## Activity
In the entries below, print exactly the lines from the first through the one with "#4196 = ORIENTED_EDGE", both included, and none of the pictures.

(Stored data)
+ + + + +

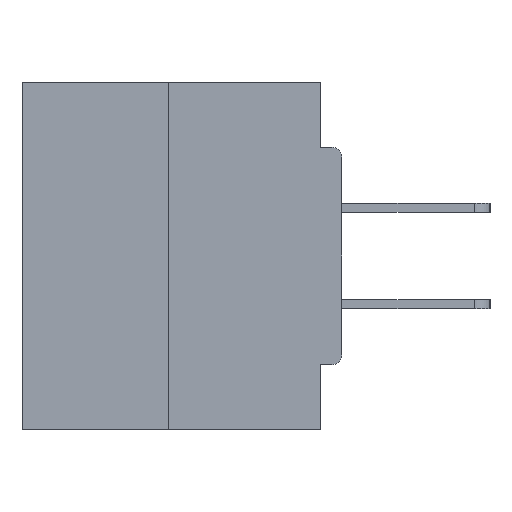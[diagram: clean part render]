
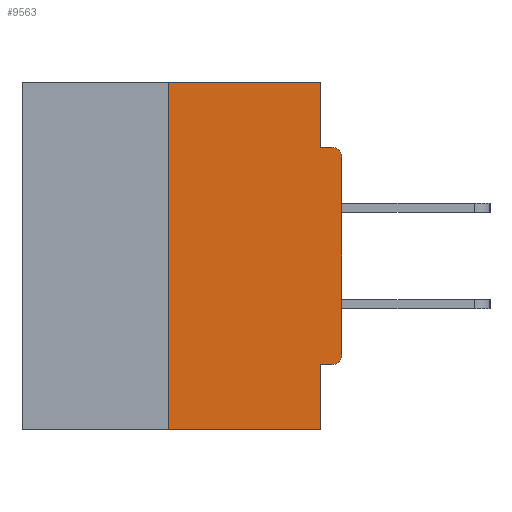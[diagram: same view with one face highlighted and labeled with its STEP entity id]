
A CAD part, left-side view. The second image highlights one B-rep face of the part: STEP entity #9563.
In plain terms, the highlighted planar face has unit normal (-1, 0, 0).
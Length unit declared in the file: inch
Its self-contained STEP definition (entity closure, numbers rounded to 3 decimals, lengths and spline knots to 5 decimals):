
#510 = VERTEX_POINT ( 'NONE', #4629 ) ;
#533 = AXIS2_PLACEMENT_3D ( 'NONE', #21833, #19381, #8920 ) ;
#686 = EDGE_CURVE ( 'NONE', #30449, #16919, #7037, .T. ) ;
#1237 = ORIENTED_EDGE ( 'NONE', *, *, #32731, .T. ) ;
#2137 = CARTESIAN_POINT ( 'NONE',  ( 0., 0.46, 0. ) ) ;
#2868 = VECTOR ( 'NONE', #18756, 39.37008 ) ;
#3388 = ORIENTED_EDGE ( 'NONE', *, *, #17783, .F. ) ;
#4196 = ORIENTED_EDGE ( 'NONE', *, *, #29894, .T. ) ;
#4461 = CARTESIAN_POINT ( 'NONE',  ( 0., 0., 0. ) ) ;
#4629 = CARTESIAN_POINT ( 'NONE',  ( 0., 0.031, -0.0935 ) ) ;
#4950 = DIRECTION ( 'NONE',  ( -1., 0., 0. ) ) ;
#5308 = VECTOR ( 'NONE', #20307, 39.37008 ) ;
#5663 = DIRECTION ( 'NONE',  ( 0., 0., -1. ) ) ;
#5849 = EDGE_CURVE ( 'NONE', #15514, #16210, #29212, .T. ) ;
#6429 = EDGE_CURVE ( 'NONE', #20969, #7975, #29170, .T. ) ;
#7037 = LINE ( 'NONE', #27294, #14687 ) ;
#7975 = VERTEX_POINT ( 'NONE', #22138 ) ;
#8166 = CARTESIAN_POINT ( 'NONE',  ( 0., 0.015, -0.0935 ) ) ;
#8167 = ORIENTED_EDGE ( 'NONE', *, *, #686, .F. ) ;
#8199 = ORIENTED_EDGE ( 'NONE', *, *, #33019, .F. ) ;
#8783 = CARTESIAN_POINT ( 'NONE',  ( 0., 0., -0.0935 ) ) ;
#8920 = DIRECTION ( 'NONE',  ( 0., 0., -1. ) ) ;
#8983 = VECTOR ( 'NONE', #22034, 39.37008 ) ;
#9319 = CARTESIAN_POINT ( 'NONE',  ( 0., 0.031, -0.4065 ) ) ;
#9563 = ADVANCED_FACE ( 'NONE', ( #14559 ), #20004, .F. ) ;
#9656 = EDGE_LOOP ( 'NONE', ( #8167, #8199, #1237, #17502, #16226, #23134, #4196, #26789, #30414, #3388 ) ) ;
#10086 = EDGE_CURVE ( 'NONE', #15514, #20969, #23750, .T. ) ;
#10131 = AXIS2_PLACEMENT_3D ( 'NONE', #25576, #4950, #25362 ) ;
#10144 = EDGE_CURVE ( 'NONE', #510, #16824, #20555, .T. ) ;
#10183 = VERTEX_POINT ( 'NONE', #17568 ) ;
#10505 = LINE ( 'NONE', #27003, #5308 ) ;
#10851 = VERTEX_POINT ( 'NONE', #19052 ) ;
#11498 = DIRECTION ( 'NONE',  ( 0., 0., 1. ) ) ;
#13581 = AXIS2_PLACEMENT_3D ( 'NONE', #2137, #15177, #32896 ) ;
#13610 = CIRCLE ( 'NONE', #10131, 0.015 ) ;
#14559 = FACE_OUTER_BOUND ( 'NONE', #9656, .T. ) ;
#14687 = VECTOR ( 'NONE', #27188, 39.37008 ) ;
#15177 = DIRECTION ( 'NONE',  ( 1., 0., 0. ) ) ;
#15514 = VERTEX_POINT ( 'NONE', #29297 ) ;
#16210 = VERTEX_POINT ( 'NONE', #24614 ) ;
#16226 = ORIENTED_EDGE ( 'NONE', *, *, #10086, .F. ) ;
#16824 = VERTEX_POINT ( 'NONE', #8166 ) ;
#16919 = VERTEX_POINT ( 'NONE', #20619 ) ;
#17502 = ORIENTED_EDGE ( 'NONE', *, *, #6429, .F. ) ;
#17568 = CARTESIAN_POINT ( 'NONE',  ( 0., 0., -0.1085 ) ) ;
#17783 = EDGE_CURVE ( 'NONE', #16919, #510, #10505, .T. ) ;
#18756 = DIRECTION ( 'NONE',  ( 0., 1., 0. ) ) ;
#19052 = CARTESIAN_POINT ( 'NONE',  ( 0., 0.25, -0.5 ) ) ;
#19381 = DIRECTION ( 'NONE',  ( -1., 0., 0. ) ) ;
#19742 = VECTOR ( 'NONE', #32213, 39.37008 ) ;
#19936 = EDGE_CURVE ( 'NONE', #10183, #16824, #13610, .T. ) ;
#20004 = PLANE ( 'NONE',  #13581 ) ;
#20307 = DIRECTION ( 'NONE',  ( 0., 0., -1. ) ) ;
#20555 = LINE ( 'NONE', #8783, #19742 ) ;
#20619 = CARTESIAN_POINT ( 'NONE',  ( 0., 0.031, 0. ) ) ;
#20969 = VERTEX_POINT ( 'NONE', #9319 ) ;
#21045 = CARTESIAN_POINT ( 'NONE',  ( 0., 0.031, -0.5 ) ) ;
#21833 = CARTESIAN_POINT ( 'NONE',  ( 0., 0.015, -0.3915 ) ) ;
#22034 = DIRECTION ( 'NONE',  ( 0., -1., 0. ) ) ;
#22138 = CARTESIAN_POINT ( 'NONE',  ( 0., 0.031, -0.5 ) ) ;
#22269 = LINE ( 'NONE', #32109, #8983 ) ;
#22665 = CARTESIAN_POINT ( 'NONE',  ( 0., 0.25, 0. ) ) ;
#22776 = LINE ( 'NONE', #4461, #24729 ) ;
#22856 = DIRECTION ( 'NONE',  ( 0., 0., 1. ) ) ;
#23134 = ORIENTED_EDGE ( 'NONE', *, *, #5849, .T. ) ;
#23750 = LINE ( 'NONE', #29029, #2868 ) ;
#24178 = CARTESIAN_POINT ( 'NONE',  ( 0., 0.25, 0. ) ) ;
#24614 = CARTESIAN_POINT ( 'NONE',  ( 0., 0., -0.3915 ) ) ;
#24729 = VECTOR ( 'NONE', #22856, 39.37008 ) ;
#25362 = DIRECTION ( 'NONE',  ( 0., 0., -1. ) ) ;
#25576 = CARTESIAN_POINT ( 'NONE',  ( 0., 0.015, -0.1085 ) ) ;
#25603 = VECTOR ( 'NONE', #5663, 39.37008 ) ;
#26789 = ORIENTED_EDGE ( 'NONE', *, *, #19936, .T. ) ;
#27003 = CARTESIAN_POINT ( 'NONE',  ( 0., 0.031, 0. ) ) ;
#27188 = DIRECTION ( 'NONE',  ( 0., -1., 0. ) ) ;
#27294 = CARTESIAN_POINT ( 'NONE',  ( 0., 0.46, 0. ) ) ;
#29029 = CARTESIAN_POINT ( 'NONE',  ( 0., 0., -0.4065 ) ) ;
#29170 = LINE ( 'NONE', #21045, #25603 ) ;
#29212 = CIRCLE ( 'NONE', #533, 0.015 ) ;
#29297 = CARTESIAN_POINT ( 'NONE',  ( 0., 0.015, -0.4065 ) ) ;
#29848 = LINE ( 'NONE', #24178, #31002 ) ;
#29894 = EDGE_CURVE ( 'NONE', #16210, #10183, #22776, .T. ) ;
#30414 = ORIENTED_EDGE ( 'NONE', *, *, #10144, .F. ) ;
#30449 = VERTEX_POINT ( 'NONE', #22665 ) ;
#31002 = VECTOR ( 'NONE', #11498, 39.37008 ) ;
#32109 = CARTESIAN_POINT ( 'NONE',  ( 0., 0.46, -0.5 ) ) ;
#32213 = DIRECTION ( 'NONE',  ( 0., -1., 0. ) ) ;
#32731 = EDGE_CURVE ( 'NONE', #10851, #7975, #22269, .T. ) ;
#32896 = DIRECTION ( 'NONE',  ( 0., 0., -1. ) ) ;
#33019 = EDGE_CURVE ( 'NONE', #10851, #30449, #29848, .T. ) ;

+ + + + +

## Worked solution
[diagram: clean part render]
[diagram: same view with one face highlighted and labeled with its STEP entity id]
A CAD part, left-side view. The second image highlights one B-rep face of the part: STEP entity #9563.
In plain terms, the highlighted planar face has unit normal (-1, 0, 0).
Length unit declared in the file: inch
Its self-contained STEP definition (entity closure, numbers rounded to 3 decimals, lengths and spline knots to 5 decimals):
#510 = VERTEX_POINT ( 'NONE', #4629 ) ;
#533 = AXIS2_PLACEMENT_3D ( 'NONE', #21833, #19381, #8920 ) ;
#686 = EDGE_CURVE ( 'NONE', #30449, #16919, #7037, .T. ) ;
#1237 = ORIENTED_EDGE ( 'NONE', *, *, #32731, .T. ) ;
#2137 = CARTESIAN_POINT ( 'NONE',  ( 0., 0.46, 0. ) ) ;
#2868 = VECTOR ( 'NONE', #18756, 39.37008 ) ;
#3388 = ORIENTED_EDGE ( 'NONE', *, *, #17783, .F. ) ;
#4196 = ORIENTED_EDGE ( 'NONE', *, *, #29894, .T. ) ;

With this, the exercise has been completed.